[How to complete this task]: The data below is to be written out exactly, with no pictures.

[Given records]:
--------

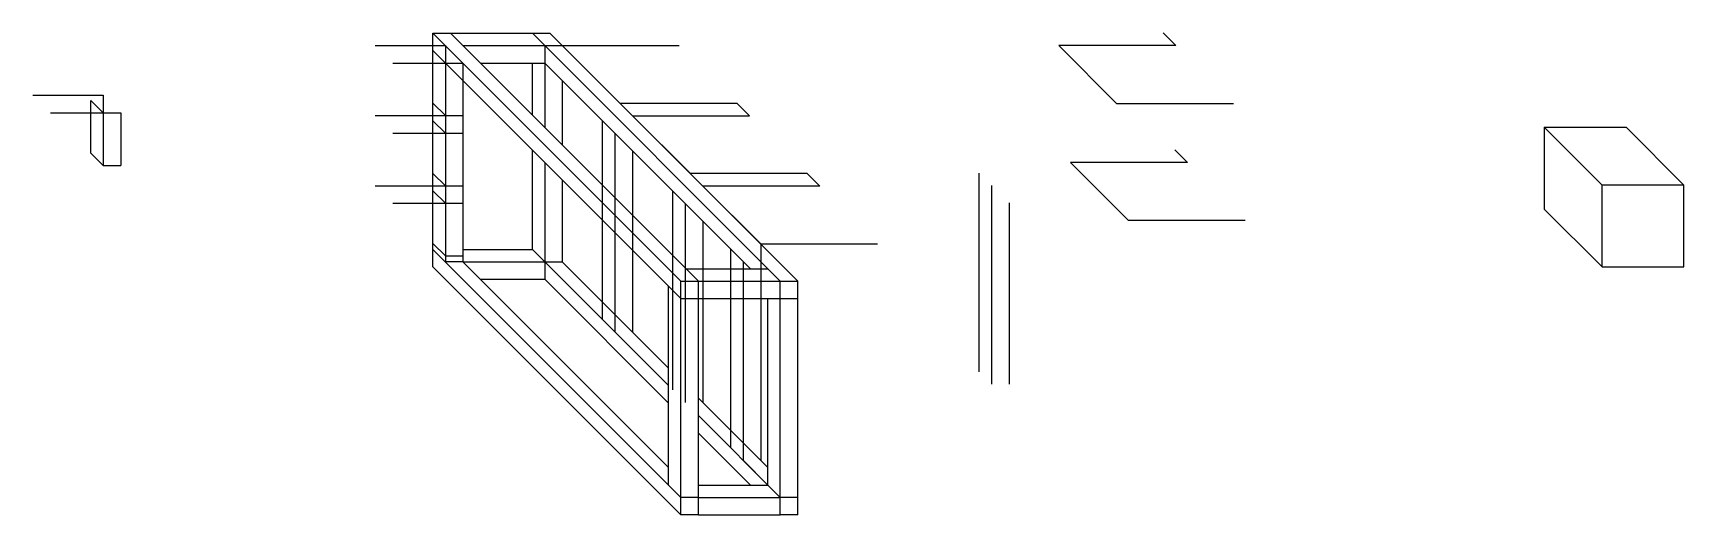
# Model space of a CAD drawing. Header units: metres. Extents: x -3.4 to 10.7, y -2.1 to 2.
import ezdxf

# ---------------------------------------------------------------- set-up
doc = ezdxf.new("R2010")
doc.units = ezdxf.units.M
doc.layers.get('0').update_dxf_attribs({"color": 18, "lineweight": 25, "true_color": 0x000000})

msp = doc.modelspace()

# ---------------------------------------------------------------- linework, layer by layer
for p, q in [((0, 2), (2.121, -0.121)), ((0, 1.85), (0, 2)), ((0, 2), (0.15, 2)), ((0.15, 2), (2.271, -0.121)), ((0.15, 2), (0.85, 2)), ((0.85, 2), (2.971, -0.121)), ((0.85, 2), (1, 2)), ((1, 2), (3.121, -0.121)), ((6.246, 2.001), (6.353, 1.894)), ((-0.494, 1.894), (0.106, 1.894)), ((0, 0.15), (0, 1.85)), ((0, 1.4), (0, 1.85)), ((0, 1.85), (0.106, 1.744)), ((0, 1.85), (0.106, 1.744)), ((0.106, 1.894), (0.106, 1.294)), ((0.256, 1.894), (1.106, 1.894)), ((0.956, 1.894), (0.956, 1.744)), ((6.353, 1.894), (5.353, 1.894)), ((5.353, 1.894), (5.847, 1.399)), ((-0.344, 1.744), (0.256, 1.744)), ((0.106, 1.744), (2.121, -0.271)), ((0.106, 1.744), (0.106, 0.044)), ((0.256, 1.744), (0.256, 1.294)), ((0.406, 1.744), (0.956, 1.744)), ((0.85, 1.3), (0.85, 1.744)), ((0.956, 1.744), (2.715, -0.015)), ((0.956, 1.744), (0.956, 1.194)), ((0.256, 1.594), (0.256, 0.044)), ((1.106, 1.594), (1.106, 1.044)), ((-3.421, 1.468), (-2.821, 1.468)), ((-2.927, 0.974), (-2.927, 1.424)), ((-2.927, 1.424), (-2.821, 1.318)), ((-2.821, 1.468), (-2.821, 0.868)), ((-3.271, 1.318), (-2.671, 1.318)), ((-2.671, 1.318), (-2.671, 0.868)), ((-0.494, 1.294), (0.106, 1.294)), ((0, 1.4), (0.106, 1.294)), ((0.106, 1.294), (0.106, 0.694)), ((0.106, 1.294), (0.256, 1.294)), ((2.601, 1.399), (2.707, 1.293)), ((5.847, 1.399), (6.847, 1.399)), ((-0.344, 1.144), (0.256, 1.144)), ((0, 0.8), (0, 1.25)), ((0, 1.25), (0.106, 1.144)), ((0.256, 1.144), (0.256, 0.694)), ((1.45, -0.45), (1.45, 1.25)), ((1.556, 1.144), (1.556, -0.556)), ((0.85, 0.15), (0.85, 1)), ((1.706, 0.994), (1.706, -0.556)), ((-2.927, 0.974), (-2.821, 0.868)), ((-2.821, 0.868), (-2.671, 0.868)), ((0.956, 0.894), (0.956, 0.044)), ((0, 0.8), (0.106, 0.694)), ((1.106, 0.744), (1.106, 0.044)), ((4.672, -0.897), (4.672, 0.803)), ((-0.494, 0.694), (0.106, 0.694)), ((0, 0.2), (0, 0.65)), ((0, 0.65), (0.106, 0.544)), ((0.106, 0.694), (0.106, 0.094)), ((0.106, 0.694), (0.256, 0.694)), ((2.052, -1.052), (2.052, 0.648)), ((4.778, 0.697), (4.778, -1.003)), ((10.7, 0), (10.7, 0.7)), ((-0.344, 0.544), (0.256, 0.544)), ((0.256, 0.544), (0.256, 0.094)), ((2.158, 0.542), (2.158, -1.158)), ((4.928, 0.547), (4.928, -1.003)), ((2.308, 0.392), (2.308, -1.158)), ((0, 0.2), (0.106, 0.094)), ((0, 0.15), (2.121, -1.971)), ((0, 0), (0, 0.15)), ((0.256, 0.15), (0.85, 0.15)), ((0.85, 0.15), (2.015, -1.015)), ((2.547, -1.547), (2.547, 0.153)), ((2.803, 0.197), (2.803, -0.271)), ((0, 0), (2.121, -2.121)), ((0.106, 0.094), (0.256, 0.094)), ((0.256, 0.044), (0.106, 0.044)), ((0.256, 0.044), (0.956, 0.044)), ((0.256, 0.044), (2.015, -1.715)), ((0.956, 0.044), (0.956, -0.106)), ((0.956, 0.044), (1.106, 0.044)), ((1.106, 0.044), (2.015, -0.865)), ((2.653, 0.047), (2.653, -1.653)), ((10, 0), (10.7, 0)), ((0.406, -0.106), (0.956, -0.106)), ((0.956, -0.106), (2.015, -1.165)), ((2.121, -1.971), (2.121, -0.121)), ((2.121, -0.121), (2.271, -0.121)), ((2.165, -0.015), (2.865, -0.015)), ((2.271, -0.121), (2.971, -0.121)), ((2.271, -1.971), (2.271, -0.121)), ((2.803, -0.103), (2.803, -1.653)), ((2.821, -0.121), (2.821, -0.121)), ((2.971, -1.971), (2.971, -0.121)), ((2.971, -0.121), (3.121, -0.121)), ((3.121, -2.121), (3.121, -0.121)), ((2.015, -1.865), (2.015, -0.165)), ((2.121, -0.271), (2.271, -0.271)), ((2.271, -0.271), (2.971, -0.271)), ((2.865, -1.865), (2.865, -0.271)), ((2.971, -0.271), (3.121, -0.271)), ((2.271, -1.121), (2.865, -1.715)), ((2.271, -1.271), (2.971, -1.971)), ((2.271, -1.421), (2.715, -1.865)), ((2.653, -1.653), (2.865, -1.865)), ((2.121, -2.121), (2.121, -1.971)), ((2.271, -1.971), (2.121, -1.971)), ((2.271, -1.865), (2.865, -1.865)), ((2.271, -1.971), (2.971, -1.971)), ((2.271, -2.121), (2.271, -1.971)), ((3.121, -1.971), (2.971, -1.971)), ((2.971, -2.121), (2.971, -1.971)), ((3.121, -2.121), (3.121, -1.971)), ((2.271, -2.121), (2.121, -2.121)), ((2.271, -2.121), (2.971, -2.121)), ((3.121, -2.121), (2.971, -2.121))]:
    msp.add_line(p, q)
at = {"flags": 128}
for points in [[(2.601, 1.399), (1.601, 1.399), (1.106, 1.894), (2.106, 1.894)], [(3.202, 0.798), (2.202, 0.798), (1.707, 1.293), (2.707, 1.293)], [(9.505, 1.195), (10.205, 1.195), (10.7, 0.7), (10, 0.7), (9.505, 1.195), (9.505, 0.495), (10, 0), (10, 0.7)], [(6.346, 1.001), (6.453, 0.894), (5.453, 0.894), (5.947, 0.399), (6.947, 0.399)], [(3.202, 0.798), (3.308, 0.692), (2.308, 0.692), (2.803, 0.197), (3.803, 0.197)]]:
    msp.add_lwpolyline(points, dxfattribs=at)

doc.saveas('drawing.dxf')

--------

[Answer below]:
# Model space of a CAD drawing. Header units: metres. Extents: x -3.4 to 10.7, y -2.1 to 2.
import ezdxf

# ---------------------------------------------------------------- set-up
doc = ezdxf.new("R2010")
doc.units = ezdxf.units.M
doc.layers.get('0').update_dxf_attribs({"color": 18, "lineweight": 25, "true_color": 0x000000})

msp = doc.modelspace()

# ---------------------------------------------------------------- linework, layer by layer
for p, q in [((0, 2), (2.121, -0.121)), ((0, 1.85), (0, 2)), ((0, 2), (0.15, 2)), ((0.15, 2), (2.271, -0.121)), ((0.15, 2), (0.85, 2)), ((0.85, 2), (2.971, -0.121)), ((0.85, 2), (1, 2)), ((1, 2), (3.121, -0.121)), ((6.246, 2.001), (6.353, 1.894)), ((-0.494, 1.894), (0.106, 1.894)), ((0, 0.15), (0, 1.85)), ((0, 1.4), (0, 1.85)), ((0, 1.85), (0.106, 1.744)), ((0, 1.85), (0.106, 1.744)), ((0.106, 1.894), (0.106, 1.294)), ((0.256, 1.894), (1.106, 1.894)), ((0.956, 1.894), (0.956, 1.744)), ((6.353, 1.894), (5.353, 1.894)), ((5.353, 1.894), (5.847, 1.399)), ((-0.344, 1.744), (0.256, 1.744)), ((0.106, 1.744), (2.121, -0.271)), ((0.106, 1.744), (0.106, 0.044)), ((0.256, 1.744), (0.256, 1.294)), ((0.406, 1.744), (0.956, 1.744)), ((0.85, 1.3), (0.85, 1.744)), ((0.956, 1.744), (2.715, -0.015)), ((0.956, 1.744), (0.956, 1.194)), ((0.256, 1.594), (0.256, 0.044)), ((1.106, 1.594), (1.106, 1.044)), ((-3.421, 1.468), (-2.821, 1.468)), ((-2.927, 0.974), (-2.927, 1.424)), ((-2.927, 1.424), (-2.821, 1.318)), ((-2.821, 1.468), (-2.821, 0.868)), ((-3.271, 1.318), (-2.671, 1.318)), ((-2.671, 1.318), (-2.671, 0.868)), ((-0.494, 1.294), (0.106, 1.294)), ((0, 1.4), (0.106, 1.294)), ((0.106, 1.294), (0.106, 0.694)), ((0.106, 1.294), (0.256, 1.294)), ((2.601, 1.399), (2.707, 1.293)), ((5.847, 1.399), (6.847, 1.399)), ((-0.344, 1.144), (0.256, 1.144)), ((0, 0.8), (0, 1.25)), ((0, 1.25), (0.106, 1.144)), ((0.256, 1.144), (0.256, 0.694)), ((1.45, -0.45), (1.45, 1.25)), ((1.556, 1.144), (1.556, -0.556)), ((0.85, 0.15), (0.85, 1)), ((1.706, 0.994), (1.706, -0.556)), ((-2.927, 0.974), (-2.821, 0.868)), ((-2.821, 0.868), (-2.671, 0.868)), ((0.956, 0.894), (0.956, 0.044)), ((0, 0.8), (0.106, 0.694)), ((1.106, 0.744), (1.106, 0.044)), ((4.672, -0.897), (4.672, 0.803)), ((-0.494, 0.694), (0.106, 0.694)), ((0, 0.2), (0, 0.65)), ((0, 0.65), (0.106, 0.544)), ((0.106, 0.694), (0.106, 0.094)), ((0.106, 0.694), (0.256, 0.694)), ((2.052, -1.052), (2.052, 0.648)), ((4.778, 0.697), (4.778, -1.003)), ((10.7, 0), (10.7, 0.7)), ((-0.344, 0.544), (0.256, 0.544)), ((0.256, 0.544), (0.256, 0.094)), ((2.158, 0.542), (2.158, -1.158)), ((4.928, 0.547), (4.928, -1.003)), ((2.308, 0.392), (2.308, -1.158)), ((0, 0.2), (0.106, 0.094)), ((0, 0.15), (2.121, -1.971)), ((0, 0), (0, 0.15)), ((0.256, 0.15), (0.85, 0.15)), ((0.85, 0.15), (2.015, -1.015)), ((2.547, -1.547), (2.547, 0.153)), ((2.803, 0.197), (2.803, -0.271)), ((0, 0), (2.121, -2.121)), ((0.106, 0.094), (0.256, 0.094)), ((0.256, 0.044), (0.106, 0.044)), ((0.256, 0.044), (0.956, 0.044)), ((0.256, 0.044), (2.015, -1.715)), ((0.956, 0.044), (0.956, -0.106)), ((0.956, 0.044), (1.106, 0.044)), ((1.106, 0.044), (2.015, -0.865)), ((2.653, 0.047), (2.653, -1.653)), ((10, 0), (10.7, 0)), ((0.406, -0.106), (0.956, -0.106)), ((0.956, -0.106), (2.015, -1.165)), ((2.121, -1.971), (2.121, -0.121)), ((2.121, -0.121), (2.271, -0.121)), ((2.165, -0.015), (2.865, -0.015)), ((2.271, -0.121), (2.971, -0.121)), ((2.271, -1.971), (2.271, -0.121)), ((2.803, -0.103), (2.803, -1.653)), ((2.821, -0.121), (2.821, -0.121)), ((2.971, -1.971), (2.971, -0.121)), ((2.971, -0.121), (3.121, -0.121)), ((3.121, -2.121), (3.121, -0.121)), ((2.015, -1.865), (2.015, -0.165)), ((2.121, -0.271), (2.271, -0.271)), ((2.271, -0.271), (2.971, -0.271)), ((2.865, -1.865), (2.865, -0.271)), ((2.971, -0.271), (3.121, -0.271)), ((2.271, -1.121), (2.865, -1.715)), ((2.271, -1.271), (2.971, -1.971)), ((2.271, -1.421), (2.715, -1.865)), ((2.653, -1.653), (2.865, -1.865)), ((2.121, -2.121), (2.121, -1.971)), ((2.271, -1.971), (2.121, -1.971)), ((2.271, -1.865), (2.865, -1.865)), ((2.271, -1.971), (2.971, -1.971)), ((2.271, -2.121), (2.271, -1.971)), ((3.121, -1.971), (2.971, -1.971)), ((2.971, -2.121), (2.971, -1.971)), ((3.121, -2.121), (3.121, -1.971)), ((2.271, -2.121), (2.121, -2.121)), ((2.271, -2.121), (2.971, -2.121)), ((3.121, -2.121), (2.971, -2.121))]:
    msp.add_line(p, q)
at = {"flags": 128}
for points in [[(2.601, 1.399), (1.601, 1.399), (1.106, 1.894), (2.106, 1.894)], [(3.202, 0.798), (2.202, 0.798), (1.707, 1.293), (2.707, 1.293)], [(9.505, 1.195), (10.205, 1.195), (10.7, 0.7), (10, 0.7), (9.505, 1.195), (9.505, 0.495), (10, 0), (10, 0.7)], [(6.346, 1.001), (6.453, 0.894), (5.453, 0.894), (5.947, 0.399), (6.947, 0.399)], [(3.202, 0.798), (3.308, 0.692), (2.308, 0.692), (2.803, 0.197), (3.803, 0.197)]]:
    msp.add_lwpolyline(points, dxfattribs=at)

doc.saveas('drawing.dxf')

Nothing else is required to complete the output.